Las cuentas del Estado Islámico

Daniel Márquez Soares

Los fanáticos desquiciados no florecen de la nada, sino que son tolerados y azuzados por fuerzas superiores. Por lo general, cumplen un importante papel; incomodan a potencias regionales rivales, facilitan —en tanto constituyen la mejor garantía de debilidad permanente de un país— la extracción de recursos naturales de las zonas que caotizan y sirven como válvula de escape, una especie de botadero a donde exportar radicales de todo el mundo.

Ese fue el propósito con el cual, durante los años ochenta y noventa, se gestó la primera oleada radical en Afganistán —un experimento que contó con amplio apoyo de potencias extranjeras, absorbió a extremistas de diversos países, constituía una grave amenaza para la URSS y para Irán, y abría las puertas a diferentes riquezas, desde gas y minerales hasta heroína—. Lo mismo se intentó hacer en Chechenia, en la época de mayor debilidad de Rusia, y se observa hoy en algunas zonas de China e India. Incluso el férreo apoyo del que el radicalismo saudita gozó, por parte de Occidente, desde la primera mitad del siglo XX, se explicaba por el firme interés de las potencias en mantener a esa zona crónicamente débil para aprovecharse de sus recursos con mayor facilidad.

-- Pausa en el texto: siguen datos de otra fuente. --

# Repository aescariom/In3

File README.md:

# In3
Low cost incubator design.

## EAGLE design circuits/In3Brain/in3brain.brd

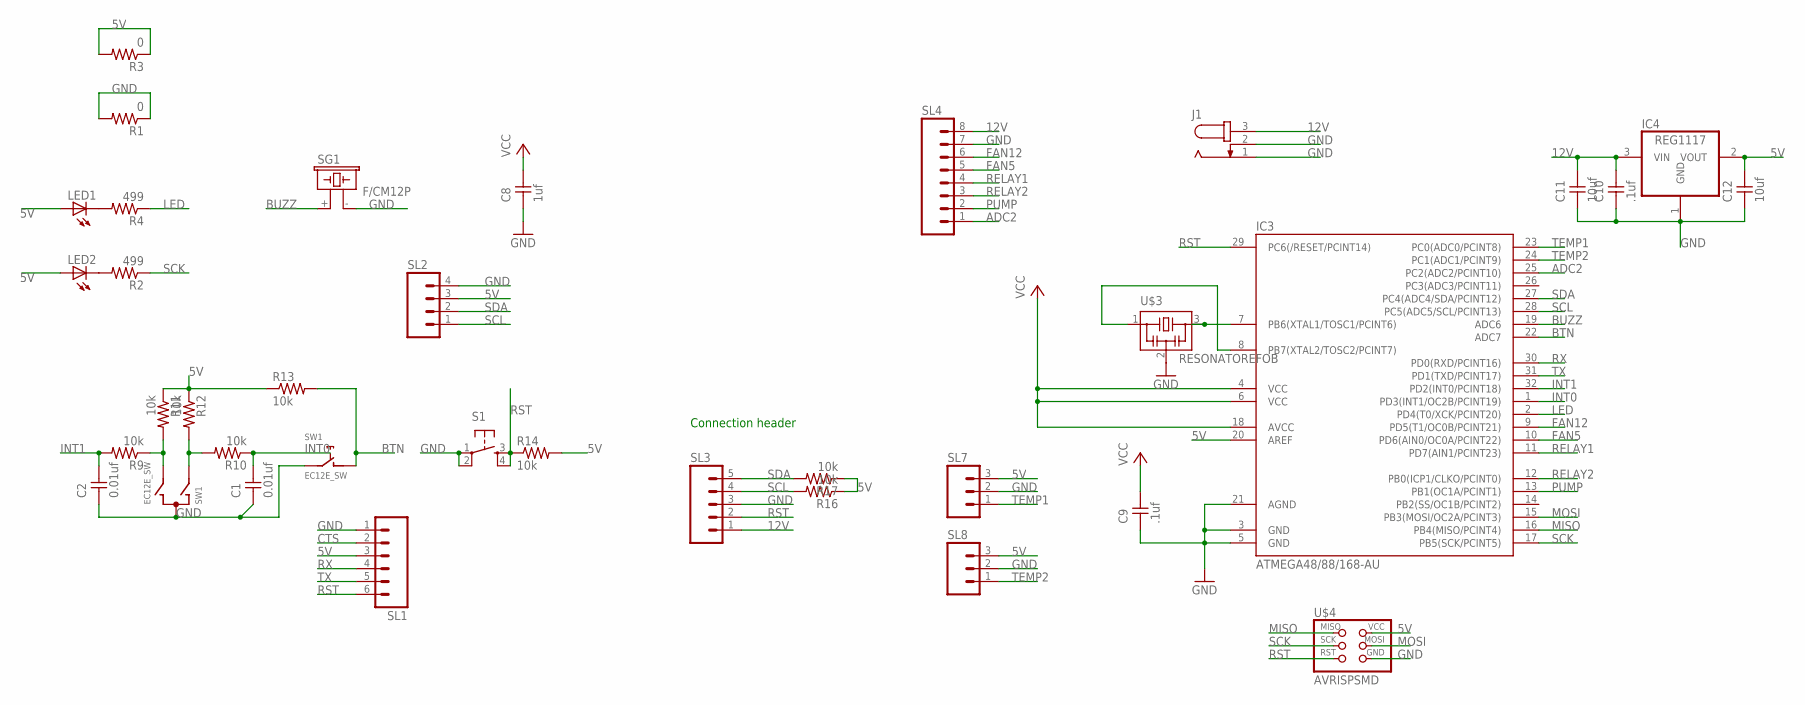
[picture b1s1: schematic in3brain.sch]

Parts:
C1, C2: 0.01uf; 1206
C8: 1uf; 1206
C9, C10: .1uf; 1206
C11, C12: 10uf; 1206
IC3: ATMEGA48/88/168-AU; TQFP32-08
IC4: REG1117; SOT223
J1: JACK-PLUG1; SPC4078
LED1, LED2: LED_E; LED_1206
R1, R3: 0; 1206
R2, R4: 499; 1206
R9, R10, R11, R12, R13, R14, R16, R17: 10k; 1206
S1: 6MM_SWITCH6MM_SWITCH; 6MM_SWITCH
SG1: F/CM12P
SL1: MA06; 06PA
SL2: MA04; 04PA
SL3: MA05; 05PA
SL4: MA08; 08PA
SL7, SL8: MA03; 03P
SW1: EC12E_SW; ALPS_EC12E_SW
U$3: RESONATOREFOB; EFOBM
U$4: AVRISPSMD; 2X03SMD

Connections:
5V: C8.2, C9.2, C12.2, IC3.4 (VCC), IC3.6 (VCC), IC3.18 (AVCC), IC3.20 (AREF), IC4.2 (VOUT), LED1.A, LED2.A, R3.1, R3.2, R11.1, R12.1, R13.1, R14.2, R16.1, R17.1, SL1.3, SL2.3, SL7.3, SL8.3, U$4.2 (VCC)
12V: C10.2, C11.2, IC4.3 (VIN), J1.3, SL3.1, SL4.8
ADC2: IC3.25 (PC2(ADC2/PCINT10)), SL4.1
BTN: IC3.22 (ADC7), R13.2, SW1.D (1)
BUZZ: IC3.19 (ADC6), SG1.+ (1)
CTS: SL1.2
FAN5: IC3.10 (PD6(AIN0/OC0A/PCINT22)), SL4.5
FAN12: IC3.9 (PD5(T1/OC0B/PCINT21)), SL4.6
GND: C1.1, C2.1, C8.1, C9.1, C10.1, C11.1, C12.1, IC3.3 (GND), IC3.5 (GND), IC3.21 (AGND), IC4.1 (GND), J1.1, J1.2, R1.1, R1.2, S1.1, S1.2 (P1), SG1.- (2), SL1.1, SL2.4, SL3.3, SL4.7, SL7.2, SL8.2, SW1.C, SW1.E (2), U$3.2, U$4.6 (GND)
INT0: C1.2, IC3.1 (PD3(INT1/OC2B/PCINT19)), R10.1
INT1: C2.2, IC3.32 (PD2(INT0/PCINT18)), R9.2
LED: IC3.2 (PD4(T0/XCK/PCINT20)), R4.1
MISO: IC3.16 (PB4(MISO/PCINT4)), U$4.1 (MISO)
MOSI: IC3.15 (PB3(MOSI/OC2A/PCINT3)), U$4.4 (MOSI)
unnamed: LED1.C, R4.2
unnamed: LED2.C, R2.2
unnamed: IC3.8 (PB7(XTAL2/TOSC2/PCINT7)), U$3.1
unnamed: IC3.7 (PB6(XTAL1/TOSC1/PCINT6)), U$3.3
unnamed: R9.1, R11.2, SW1.B
unnamed: R10.2, R12.2, SW1.A
PUMP: IC3.13 (PB1(OC1A/PCINT1)), SL4.2
RELAY1: IC3.11 (PD7(AIN1/PCINT23)), SL4.4
RELAY2: IC3.12 (PB0(ICP1/CLKO/PCINT0)), SL4.3
RST: IC3.29 (PC6(/RESET/PCINT14)), R14.1, S1.3 (S), S1.4 (S1), SL1.6, SL3.2, U$4.5 (RST)
RX: IC3.30 (PD0(RXD/PCINT16)), SL1.4
SCK: IC3.17 (PB5(SCK/PCINT5)), R2.1, U$4.3 (SCK)
SCL: IC3.28 (PC5(ADC5/SCL/PCINT13)), R16.2, SL2.1, SL3.4
SDA: IC3.27 (PC4(ADC4/SDA/PCINT12)), R17.2, SL2.2, SL3.5
TEMP1: IC3.23 (PC0(ADC0/PCINT8)), SL7.1
TEMP2: IC3.24 (PC1(ADC1/PCINT9)), SL8.1
TX: IC3.31 (PD1(TXD/PCINT17)), SL1.5

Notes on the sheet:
Connection header

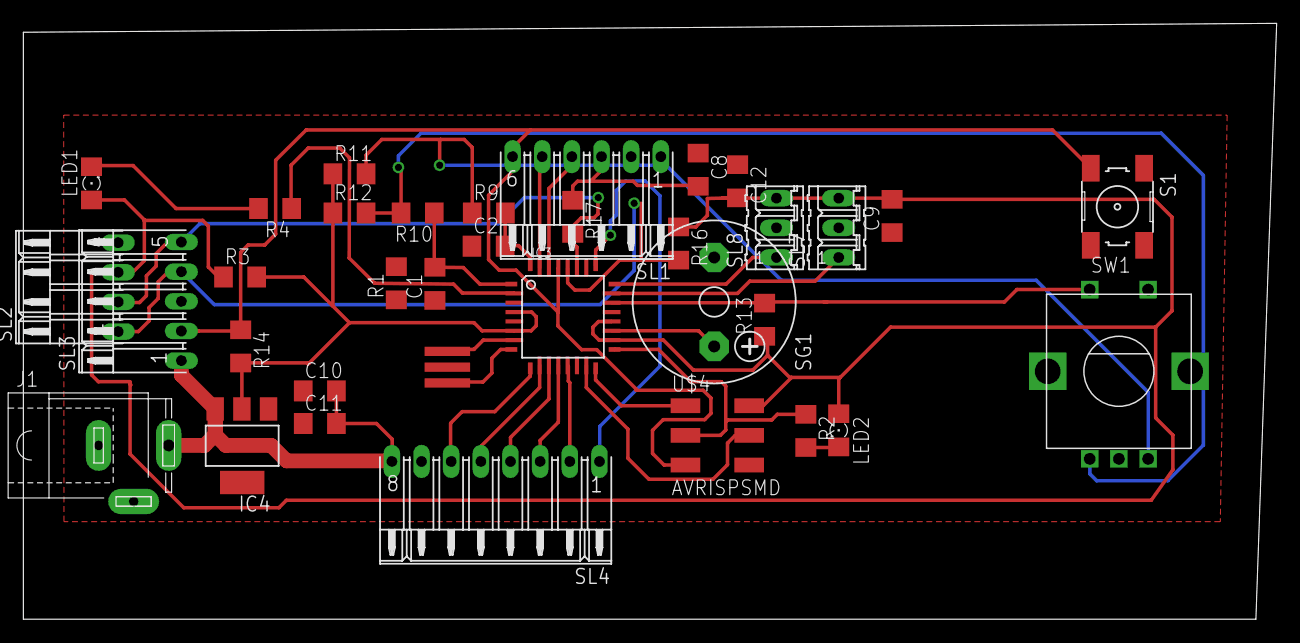
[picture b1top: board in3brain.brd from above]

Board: 2 copper layers, 107.4 x 51.0 mm, 35 parts (0 on the bottom side), 30 nets.

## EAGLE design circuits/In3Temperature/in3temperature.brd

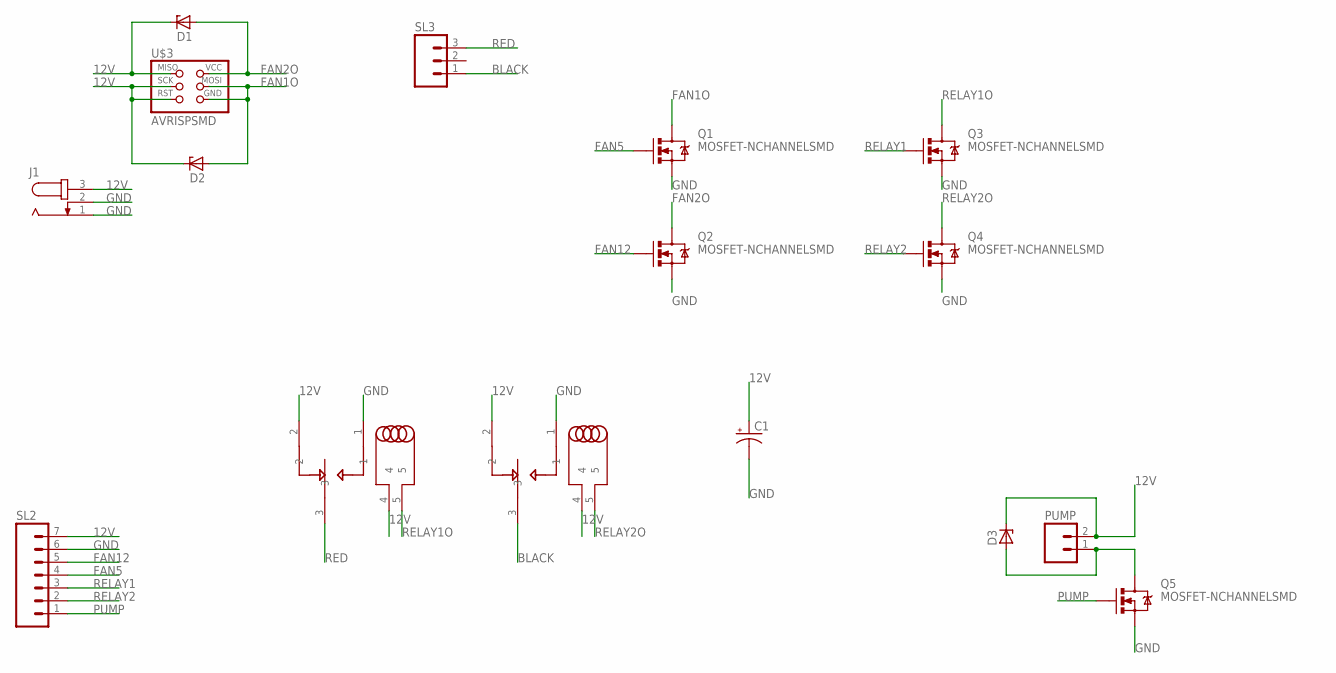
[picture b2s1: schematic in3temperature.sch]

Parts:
C1: CPOL-USE2.5-5; E2,5-5
D1, D2, D3: ZENER_DIODESOD123; SOD123
J1: JACK-PLUG1; SPC4078
PUMP: MA02; 02PA
Q1, Q2, Q3, Q4, Q5: MOSFET-NCHANNELSMD; SOT23-3
SL2: MA07; 07PA
SL3: MA03; 03P
U$1, U$2: RELAY-V23092THROUGH_HOLE; RELAY-V23092
U$3: AVRISPSMD; 2X03SMD

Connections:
12V: C1.+, D1.CATHODE, D2.CATHODE, D3.CATHODE, J1.3, PUMP.2, SL2.7, U$1.2, U$1.4, U$2.2, U$2.4, U$3.1 (MISO), U$3.3 (SCK), U$3.5 (RST)
BLACK: SL3.1, U$2.3
FAN1O: D2.ANODE, Q1.3 (D), U$3.4 (MOSI), U$3.6 (GND)
FAN2O: D1.ANODE, Q2.3 (D), U$3.2 (VCC)
FAN5: Q1.1 (G), SL2.4
FAN12: Q2.1 (G), SL2.5
GND: C1.-, J1.1, J1.2, Q1.2 (S), Q2.2 (S), Q3.2 (S), Q4.2 (S), Q5.2 (S), SL2.6, U$1.1, U$2.1
unnamed: D3.ANODE, PUMP.1, Q5.3 (D)
PUMP: Q5.1 (G), SL2.1
RED: SL3.3, U$1.3
RELAY1: Q3.1 (G), SL2.3
RELAY1O: Q3.3 (D), U$1.5
RELAY2: Q4.1 (G), SL2.2
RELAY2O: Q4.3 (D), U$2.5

El Estado Islámico obedecía a ese mismo guion. Estaba llamado a sumir en la anarquía e indefensión a todo el riquísimo territorio que yace entre Irán y el mar Mediterráneo, que se convertiría en un suculento botín. Serviría para amenazar a Siria, Irán, Turquía y Rusia. Permitiría, además, a los europeos deshacerse de miles de peligrosísimos extremistas que la descomposición social había engendrado en sus países. Por eso a dicha organización nunca le faltaron proveedores de armas, compradores de su petróleo en el mercado negro o voluntarios provenientes del llamado “primer mundo”.

Aunque sea incómodo aceptarlo, Irán fue el primer país en plantarse, a sangre y fuego, ante la barbarie del Estado Islámico, tanto en Siria como en Irak —algo que también había hecho, desde mucho antes del 11 de septiembre de 2001, contra el Talibán en Afganistán—. Después, tras una decisión en la que supuestamente pesaron las insistecias iraníes e incluso una visita personal del general Qasem Soleimani a Vladímir Putin, Rusia también intervino, así como las fuerzas libanesas patrocinadas por Irán. Estados Unidos se llevaría los laureles de la muerte de Abu Bakr Al Baghdadi —pese a que apoyaban en la guerra siria a grupos igual de radicales que el Estado Islámico— pero el accionar de Rusia e Irán pesaría muchísimo más que el estadounidense en la derrota de esa organización que en un inicio había parecido invencible.

Esa cuenta sigue pendiente para los radicales del Estado Islámico. Por eso, tanto Irán, hace unos meses con el brutal atentado en Kerman, como ahora Rusia han sufrido ataques tan atroces. Hay que entender que, por lo general, los intereses de los más demenciales radicales resultan curiosamente afines a los de los grupos hegemónicos.